一个壮汉冷笑:“八岁娃娃摆药摊?哄谁呢!你爹医术都没传你,你还想治病?”
“就是!”另一个妇人尖声接话,“听说你哥前脚断气,你后脚就爬梁弹糖渣,烧香引鬼火,这不是练邪术是什么?”
沈知微不辩解,只从药囊里取出一块干净帕子,铺在桌上,又倒了杯清水,放在一边。
“我不收钱。”她说,“今日义诊,分文不取。谁病了,上来便是。”
没人动。
她也不催,低头整理药材,把三七粉、金银花、薄荷叶一一归类,动作利落,手指稳定,没有一丝孩童的毛躁。
日头渐渐升高,晒得人脖子发烫。就在众人以为她要收摊走人时,一个老妇抱着孩子踉跄上前。那孩子满脸通红,嘴唇干裂,呼吸急促,显然是高热。
“大夫……不,小姐……”老妇声音发抖,“我孙儿烧了一夜,郎中不肯来,药铺也不给抓退热的方子……您若能救他,我给您磕头!”
沈知微点头,请她坐下。
她没问一句病因,直接伸手搭脉,三指轻按寸关尺,眉头微皱,随即松开。她从药包里抓出三味药:金银花、连翘、淡竹叶,称量后倒入药罐,加水煎煮。又取出一根细银针,在灯火上略烤,轻轻刺入孩子十宣穴。
整个过程不过半盏茶工夫。
药汁煎好,她亲自吹凉,喂进孩子口中。老妇哭着直念佛。
不到一炷香,孩子额头渗出细汗,脸色渐渐转缓,呼吸也平顺了。老妇掐他手指,他竟微微睁开眼,软软喊了声“奶奶”。
“好了!真好了!”老妇猛地站起,眼泪哗地流下来,“活了!我孙子活了!”
人群炸了锅。
“当真退烧了?”
“我没看错吧?那可是城东王婆的孙子,前日大夫都说悬!”
“她……她真会看病?”
沈知微没理会议论,只低头收针,用帕子擦净针身,收回针包。她眼角余光扫过系统界面,一行小字悄然浮现:【功德值+500,解锁高级医术】。
她眼皮微动,不动声色。
这时,远处传来马蹄声,由远及近,节奏稳重,踏得青石板咚咚作响。
人群自动分开一条道。
一匹枣红马奔至门前,马上男子身穿紫金锦袍,腰佩玉带,手持明黄卷轴。正是六皇子赵翊。
他勒马停在阶前,居高临下,目光扫过人群,最后落在沈知微身上。
“让开!”他喝道,“圣旨到!”
百姓慌忙跪地,连那几个举牌子的也赶紧扔下木牌,伏在地上。
六皇子展开圣旨,朗声道:“奉天承运,皇帝诏曰:沈氏知微,救驾有功,仁心济世,特封御前女医,即日入簿太医院!钦此!”
沈知微上前一步,敛袖行礼,声音清亮:“谢陛下隆恩。”
六皇子将圣旨递给她。她双手接过,捧在胸前,纸面温热,墨迹未干。
她抬眼,望向皇宫方向。阳光刺目,她眯了下眼,眸光沉静,像一口深井,照得见天光,却不泛波澜。
身后的百姓仍跪着,没人敢起身。有人偷偷抬头,再不敢喊一句“灾星”。先前骂得最凶的那个壮汉,悄悄把脚边的破木牌踢进排水沟。
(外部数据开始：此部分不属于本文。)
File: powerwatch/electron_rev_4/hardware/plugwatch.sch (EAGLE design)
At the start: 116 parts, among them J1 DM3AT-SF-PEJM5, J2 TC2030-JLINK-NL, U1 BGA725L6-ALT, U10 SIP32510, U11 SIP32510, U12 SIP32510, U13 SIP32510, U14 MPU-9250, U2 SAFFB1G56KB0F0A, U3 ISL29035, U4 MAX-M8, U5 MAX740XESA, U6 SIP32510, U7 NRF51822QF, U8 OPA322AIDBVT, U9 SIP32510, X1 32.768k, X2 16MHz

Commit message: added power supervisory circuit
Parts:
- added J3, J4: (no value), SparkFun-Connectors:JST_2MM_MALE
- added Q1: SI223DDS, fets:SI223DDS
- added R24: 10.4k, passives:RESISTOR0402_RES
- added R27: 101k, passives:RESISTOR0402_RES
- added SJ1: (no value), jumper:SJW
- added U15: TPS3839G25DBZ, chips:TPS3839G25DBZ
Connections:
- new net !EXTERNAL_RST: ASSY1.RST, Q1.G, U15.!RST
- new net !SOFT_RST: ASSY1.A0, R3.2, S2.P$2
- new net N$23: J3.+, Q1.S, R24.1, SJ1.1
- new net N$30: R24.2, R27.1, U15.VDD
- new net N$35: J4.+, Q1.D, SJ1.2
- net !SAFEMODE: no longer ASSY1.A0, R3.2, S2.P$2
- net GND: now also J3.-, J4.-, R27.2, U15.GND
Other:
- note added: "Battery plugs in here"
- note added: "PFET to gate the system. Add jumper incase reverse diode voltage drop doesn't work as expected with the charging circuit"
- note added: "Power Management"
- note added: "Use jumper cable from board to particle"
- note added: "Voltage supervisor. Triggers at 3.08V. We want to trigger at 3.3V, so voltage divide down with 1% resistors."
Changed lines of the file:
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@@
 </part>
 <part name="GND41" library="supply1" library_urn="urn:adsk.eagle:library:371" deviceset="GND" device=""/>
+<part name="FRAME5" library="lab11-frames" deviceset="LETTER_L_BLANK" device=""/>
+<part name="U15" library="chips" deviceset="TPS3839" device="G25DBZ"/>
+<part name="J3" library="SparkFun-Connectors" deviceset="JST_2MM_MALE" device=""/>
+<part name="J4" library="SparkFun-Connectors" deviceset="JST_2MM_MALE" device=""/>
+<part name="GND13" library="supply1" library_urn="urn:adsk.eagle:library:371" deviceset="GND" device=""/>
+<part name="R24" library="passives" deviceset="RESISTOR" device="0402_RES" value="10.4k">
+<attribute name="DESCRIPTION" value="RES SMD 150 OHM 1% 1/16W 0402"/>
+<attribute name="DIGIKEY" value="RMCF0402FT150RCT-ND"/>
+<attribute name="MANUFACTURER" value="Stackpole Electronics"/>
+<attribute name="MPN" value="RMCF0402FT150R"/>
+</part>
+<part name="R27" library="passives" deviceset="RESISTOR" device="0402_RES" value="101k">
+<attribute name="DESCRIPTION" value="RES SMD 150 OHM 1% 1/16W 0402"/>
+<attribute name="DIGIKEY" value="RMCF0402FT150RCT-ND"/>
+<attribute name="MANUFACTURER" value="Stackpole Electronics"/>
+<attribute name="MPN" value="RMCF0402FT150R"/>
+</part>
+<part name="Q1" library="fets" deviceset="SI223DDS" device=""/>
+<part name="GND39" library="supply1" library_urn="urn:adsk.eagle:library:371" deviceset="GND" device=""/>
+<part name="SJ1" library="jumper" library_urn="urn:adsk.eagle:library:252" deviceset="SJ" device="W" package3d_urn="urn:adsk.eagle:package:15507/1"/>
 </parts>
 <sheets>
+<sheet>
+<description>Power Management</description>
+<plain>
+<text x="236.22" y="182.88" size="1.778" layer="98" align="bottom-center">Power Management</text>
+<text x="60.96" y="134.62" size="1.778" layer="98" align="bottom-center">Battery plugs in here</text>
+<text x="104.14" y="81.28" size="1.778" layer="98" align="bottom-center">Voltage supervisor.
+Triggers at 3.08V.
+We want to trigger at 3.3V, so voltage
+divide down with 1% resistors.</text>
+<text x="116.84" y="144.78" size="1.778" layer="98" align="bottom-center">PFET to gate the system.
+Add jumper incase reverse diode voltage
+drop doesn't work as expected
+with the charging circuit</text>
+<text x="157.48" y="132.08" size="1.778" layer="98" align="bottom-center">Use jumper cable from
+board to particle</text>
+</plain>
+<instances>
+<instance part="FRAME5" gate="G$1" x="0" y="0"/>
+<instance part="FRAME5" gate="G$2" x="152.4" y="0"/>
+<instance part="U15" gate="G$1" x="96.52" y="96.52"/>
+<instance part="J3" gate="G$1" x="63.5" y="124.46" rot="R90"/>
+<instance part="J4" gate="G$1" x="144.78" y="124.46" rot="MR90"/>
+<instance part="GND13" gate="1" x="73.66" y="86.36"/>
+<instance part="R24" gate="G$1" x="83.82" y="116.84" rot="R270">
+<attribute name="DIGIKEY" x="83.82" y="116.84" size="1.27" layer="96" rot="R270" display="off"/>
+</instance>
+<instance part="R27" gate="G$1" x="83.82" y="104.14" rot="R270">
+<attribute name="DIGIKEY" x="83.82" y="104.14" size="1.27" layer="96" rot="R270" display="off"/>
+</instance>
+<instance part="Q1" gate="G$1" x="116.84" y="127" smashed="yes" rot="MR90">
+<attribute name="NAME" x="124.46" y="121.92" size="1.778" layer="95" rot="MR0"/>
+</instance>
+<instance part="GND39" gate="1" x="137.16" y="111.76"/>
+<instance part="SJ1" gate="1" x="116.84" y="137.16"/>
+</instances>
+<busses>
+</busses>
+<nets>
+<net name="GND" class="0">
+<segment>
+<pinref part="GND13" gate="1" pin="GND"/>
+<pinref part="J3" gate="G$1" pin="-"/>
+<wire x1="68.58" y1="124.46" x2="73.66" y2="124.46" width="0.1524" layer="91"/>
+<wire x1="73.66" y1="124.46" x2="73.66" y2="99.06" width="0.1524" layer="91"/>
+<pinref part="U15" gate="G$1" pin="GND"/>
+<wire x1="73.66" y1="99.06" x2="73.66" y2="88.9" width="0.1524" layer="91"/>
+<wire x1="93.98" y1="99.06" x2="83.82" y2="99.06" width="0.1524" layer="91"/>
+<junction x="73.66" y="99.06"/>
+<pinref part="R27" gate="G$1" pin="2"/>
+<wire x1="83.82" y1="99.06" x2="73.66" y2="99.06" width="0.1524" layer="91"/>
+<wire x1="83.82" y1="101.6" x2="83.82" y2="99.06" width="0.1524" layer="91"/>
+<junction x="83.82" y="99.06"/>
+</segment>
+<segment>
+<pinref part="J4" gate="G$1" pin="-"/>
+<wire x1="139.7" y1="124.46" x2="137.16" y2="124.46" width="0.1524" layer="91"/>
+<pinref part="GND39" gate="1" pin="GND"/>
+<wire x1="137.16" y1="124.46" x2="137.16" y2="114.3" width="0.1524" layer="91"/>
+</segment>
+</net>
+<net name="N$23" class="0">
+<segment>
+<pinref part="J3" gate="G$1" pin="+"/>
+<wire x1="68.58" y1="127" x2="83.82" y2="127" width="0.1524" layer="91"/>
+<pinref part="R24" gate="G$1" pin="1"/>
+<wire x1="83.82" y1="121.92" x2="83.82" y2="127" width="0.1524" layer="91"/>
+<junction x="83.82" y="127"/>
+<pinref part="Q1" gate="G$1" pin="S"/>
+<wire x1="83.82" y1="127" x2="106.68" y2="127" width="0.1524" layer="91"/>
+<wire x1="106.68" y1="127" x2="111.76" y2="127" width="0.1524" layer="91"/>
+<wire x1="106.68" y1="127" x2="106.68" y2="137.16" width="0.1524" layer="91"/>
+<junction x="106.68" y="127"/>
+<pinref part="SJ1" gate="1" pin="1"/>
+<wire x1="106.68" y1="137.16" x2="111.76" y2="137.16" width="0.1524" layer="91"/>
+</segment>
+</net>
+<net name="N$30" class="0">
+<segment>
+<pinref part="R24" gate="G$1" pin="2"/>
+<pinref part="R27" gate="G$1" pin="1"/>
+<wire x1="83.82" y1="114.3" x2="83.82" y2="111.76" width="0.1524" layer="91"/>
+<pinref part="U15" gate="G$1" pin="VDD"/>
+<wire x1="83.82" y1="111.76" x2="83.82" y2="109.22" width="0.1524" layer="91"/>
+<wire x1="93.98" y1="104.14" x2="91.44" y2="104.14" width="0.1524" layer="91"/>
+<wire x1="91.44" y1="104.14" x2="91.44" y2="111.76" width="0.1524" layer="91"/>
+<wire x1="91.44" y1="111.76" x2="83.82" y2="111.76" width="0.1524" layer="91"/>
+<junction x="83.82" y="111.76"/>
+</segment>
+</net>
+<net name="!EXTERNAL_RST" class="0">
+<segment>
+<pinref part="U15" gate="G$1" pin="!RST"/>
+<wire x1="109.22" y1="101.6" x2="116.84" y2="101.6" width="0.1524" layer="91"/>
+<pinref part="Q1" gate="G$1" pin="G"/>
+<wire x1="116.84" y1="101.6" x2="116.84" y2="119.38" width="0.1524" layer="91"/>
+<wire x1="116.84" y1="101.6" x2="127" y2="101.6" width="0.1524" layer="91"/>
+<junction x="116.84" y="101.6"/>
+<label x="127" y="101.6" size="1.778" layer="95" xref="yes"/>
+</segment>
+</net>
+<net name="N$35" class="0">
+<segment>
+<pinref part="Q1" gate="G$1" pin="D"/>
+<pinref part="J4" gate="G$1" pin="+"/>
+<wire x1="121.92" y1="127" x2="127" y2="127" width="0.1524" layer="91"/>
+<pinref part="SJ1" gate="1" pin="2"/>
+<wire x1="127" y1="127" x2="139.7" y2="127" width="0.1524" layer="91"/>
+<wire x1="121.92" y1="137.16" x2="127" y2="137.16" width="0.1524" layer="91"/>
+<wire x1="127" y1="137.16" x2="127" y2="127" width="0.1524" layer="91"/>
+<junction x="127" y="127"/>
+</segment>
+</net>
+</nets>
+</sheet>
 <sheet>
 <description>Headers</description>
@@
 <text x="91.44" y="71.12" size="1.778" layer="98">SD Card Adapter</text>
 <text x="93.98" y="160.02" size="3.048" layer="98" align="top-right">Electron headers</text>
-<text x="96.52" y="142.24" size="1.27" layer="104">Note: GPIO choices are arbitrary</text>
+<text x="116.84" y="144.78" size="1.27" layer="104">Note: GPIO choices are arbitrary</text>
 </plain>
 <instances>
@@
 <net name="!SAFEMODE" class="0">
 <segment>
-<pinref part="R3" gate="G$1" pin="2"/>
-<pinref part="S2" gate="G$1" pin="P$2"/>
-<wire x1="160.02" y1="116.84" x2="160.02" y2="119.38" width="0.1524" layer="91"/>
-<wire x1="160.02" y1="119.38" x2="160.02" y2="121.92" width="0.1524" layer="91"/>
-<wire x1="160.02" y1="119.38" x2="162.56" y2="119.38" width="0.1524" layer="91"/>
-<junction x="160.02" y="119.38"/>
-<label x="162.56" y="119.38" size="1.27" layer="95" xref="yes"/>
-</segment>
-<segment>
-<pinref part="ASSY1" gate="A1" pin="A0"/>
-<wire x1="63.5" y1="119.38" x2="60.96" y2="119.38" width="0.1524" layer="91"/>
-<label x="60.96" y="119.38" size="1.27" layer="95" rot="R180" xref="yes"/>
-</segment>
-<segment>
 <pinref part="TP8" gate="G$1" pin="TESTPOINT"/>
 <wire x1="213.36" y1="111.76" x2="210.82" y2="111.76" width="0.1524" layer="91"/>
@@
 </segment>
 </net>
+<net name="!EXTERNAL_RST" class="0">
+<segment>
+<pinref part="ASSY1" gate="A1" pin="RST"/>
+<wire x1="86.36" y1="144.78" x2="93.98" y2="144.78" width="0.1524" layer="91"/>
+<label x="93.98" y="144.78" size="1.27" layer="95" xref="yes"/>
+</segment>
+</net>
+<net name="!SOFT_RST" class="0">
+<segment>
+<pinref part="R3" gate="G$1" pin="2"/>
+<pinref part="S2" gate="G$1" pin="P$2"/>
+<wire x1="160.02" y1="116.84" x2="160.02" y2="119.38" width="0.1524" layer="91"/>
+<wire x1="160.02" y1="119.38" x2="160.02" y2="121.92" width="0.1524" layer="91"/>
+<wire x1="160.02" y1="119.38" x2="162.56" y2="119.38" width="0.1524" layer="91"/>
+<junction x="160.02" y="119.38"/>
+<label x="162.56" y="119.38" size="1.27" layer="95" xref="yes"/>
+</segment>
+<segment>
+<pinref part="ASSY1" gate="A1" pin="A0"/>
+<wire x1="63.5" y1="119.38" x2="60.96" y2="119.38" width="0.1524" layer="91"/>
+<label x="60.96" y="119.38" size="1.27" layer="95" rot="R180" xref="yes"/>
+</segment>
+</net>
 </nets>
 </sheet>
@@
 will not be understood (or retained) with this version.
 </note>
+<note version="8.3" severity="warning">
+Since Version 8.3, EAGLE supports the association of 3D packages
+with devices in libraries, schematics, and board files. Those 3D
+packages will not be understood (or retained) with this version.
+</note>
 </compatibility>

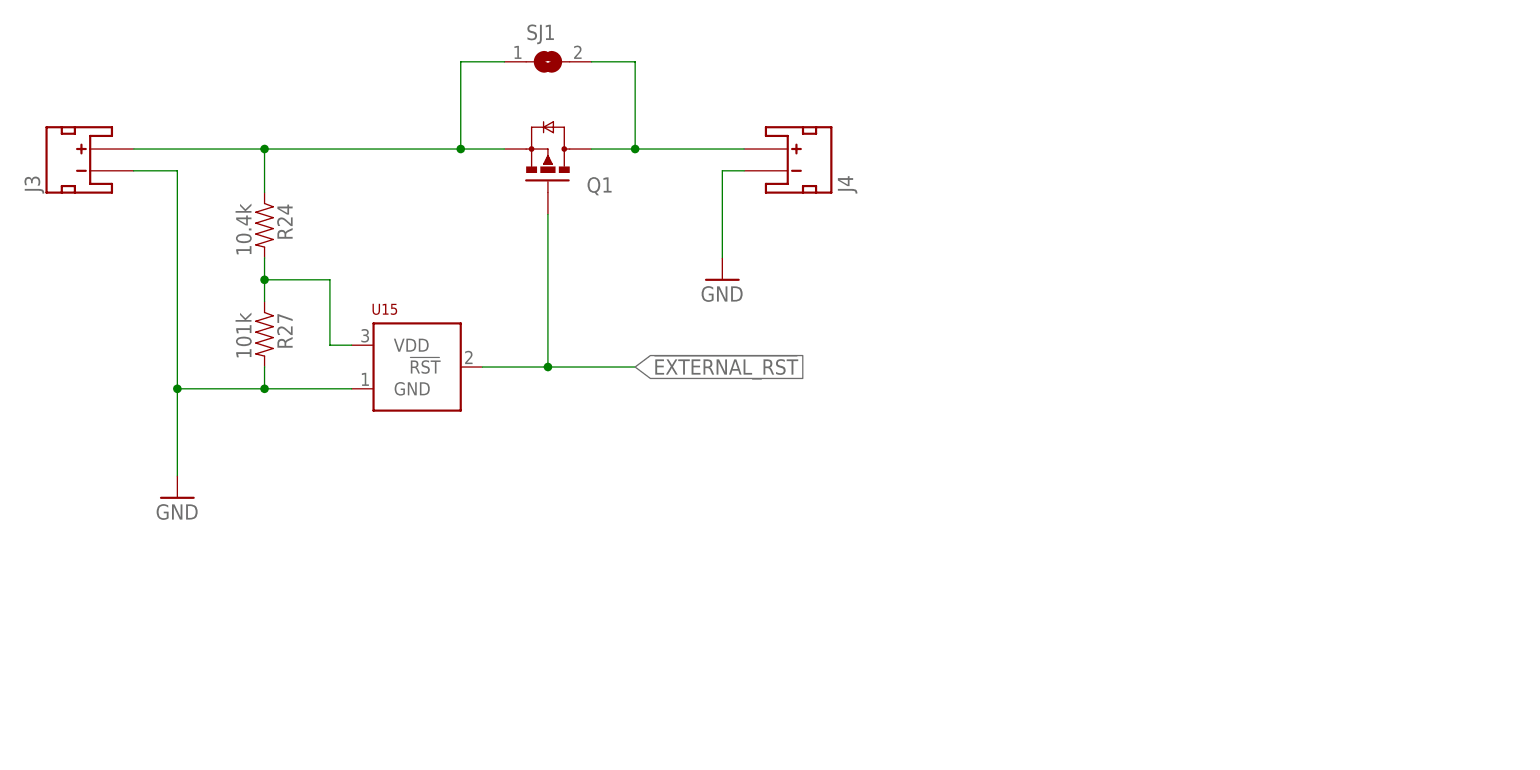
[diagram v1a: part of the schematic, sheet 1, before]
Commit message: change voltage input to also have WDI
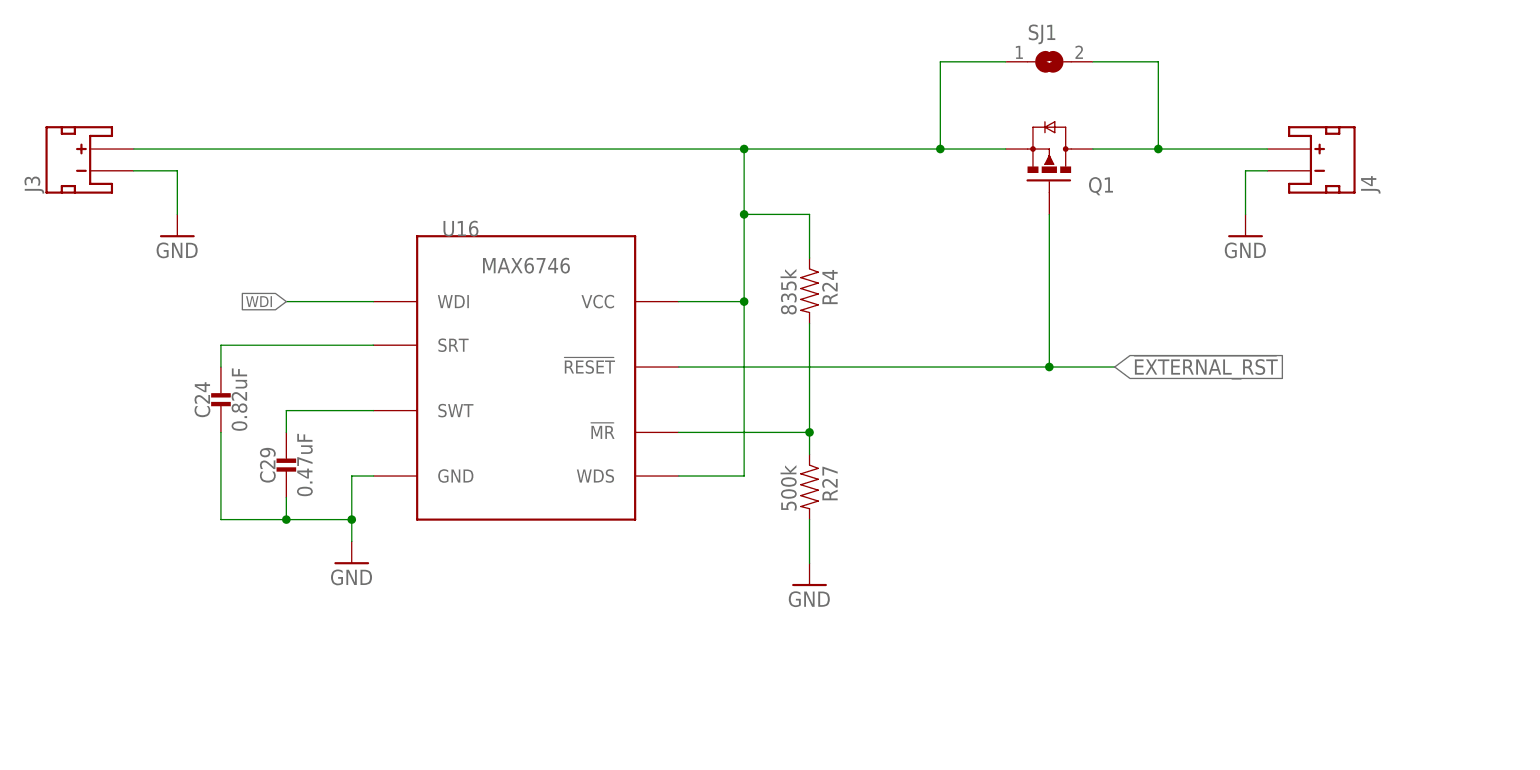
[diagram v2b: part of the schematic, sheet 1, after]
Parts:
- removed U15: TPS3839G25DBZ, chips:TPS3839G25DBZ
- added C24: 0.82uF, passives:CAPACITOR0603_CAP
- added C29: 0.47uF, passives:CAPACITOR0603_CAP
- added U16: MAX6746, chips:MAX6746
- R24: value 10.4k -> 835k
- R27: value 101k -> 500k
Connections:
- removed net N$30: R24.2, R27.1, U15.VDD
- new net N$31: R24.2, R27.1, U16.!MR
- new net N$36: C24.1, U16.SRT
- new net N$39: C29.1, U16.SWT
- new net WDI: ASSY1.DAC, U16.WDI
- net !EXTERNAL_RST: now also U16.!RESET; no longer U15.!RST
- net GND: now also C24.2, C29.2, U16.GND; no longer U15.GND
- net N$23: now also U16.VCC, U16.WDS
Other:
- note added: "Voltage supervisor. MR is the voltage input. MR Triggers at 1.235V. We want to trigger at 3.3V, so voltage divide down with 1% resistors."
- note removed: "Voltage supervisor. Triggers at 3.08V. We want to trigger at 3.3V, so voltage divide down with 1% resistors."
- moved on the sheet: J4, Q1, R24, R27, SJ1

六皇子没多留,收起空卷轴,一扯缰绳:“回宫复命。”说完策马而去,马蹄声渐远。
人群慢慢散去,脚步迟疑,回头频频。有人经过药桌时,偷偷捡起一片她煎药剩下的金银花,揣进怀里,说是“沾点仙气”。
老妇抱着已熟睡的孙子,跪在阶前,重重磕了个头:“小医仙……活菩萨……”
沈知微没拦,也没扶。她只是把圣旨仔细折好,放进药囊夹层,又将桌上剩下的药包收拢,一并放进去。
她转身,准备回府。
就在这时,一阵风刮过,掀起她鬓边碎发。银制药杵发饰晃了晃,映着日光,一闪。
她脚步一顿。
不远处,一只麻雀扑棱飞起,撞翻了墙头一个空瓦罐。罐子滚落地面,碎成几片。
她没回头,继续往里走。
药囊贴着腰侧,沉甸甸的。里面除了药材、银针、圣旨,还有一小包新买的糖葫芦,是她今早顺路捎的。
她走得很慢,像在等什么。
可什么也没发生。
沈府大门敞着,像一张不再设防的嘴。门槛上,残留着昨夜柳姨娘禁足前摔碎的瓷碗碴子,已被扫到一边。药渣还在桌上,浮着一层薄薄的药膜。
她跨过门槛,背影小小的一团,月白襦裙沾了点尘灰,却不显狼狈。
身后,阳光铺满石阶,照亮散落的牌子、踩扁的草鞋印、还有一小滩没干透的药渍。
她没再看一眼。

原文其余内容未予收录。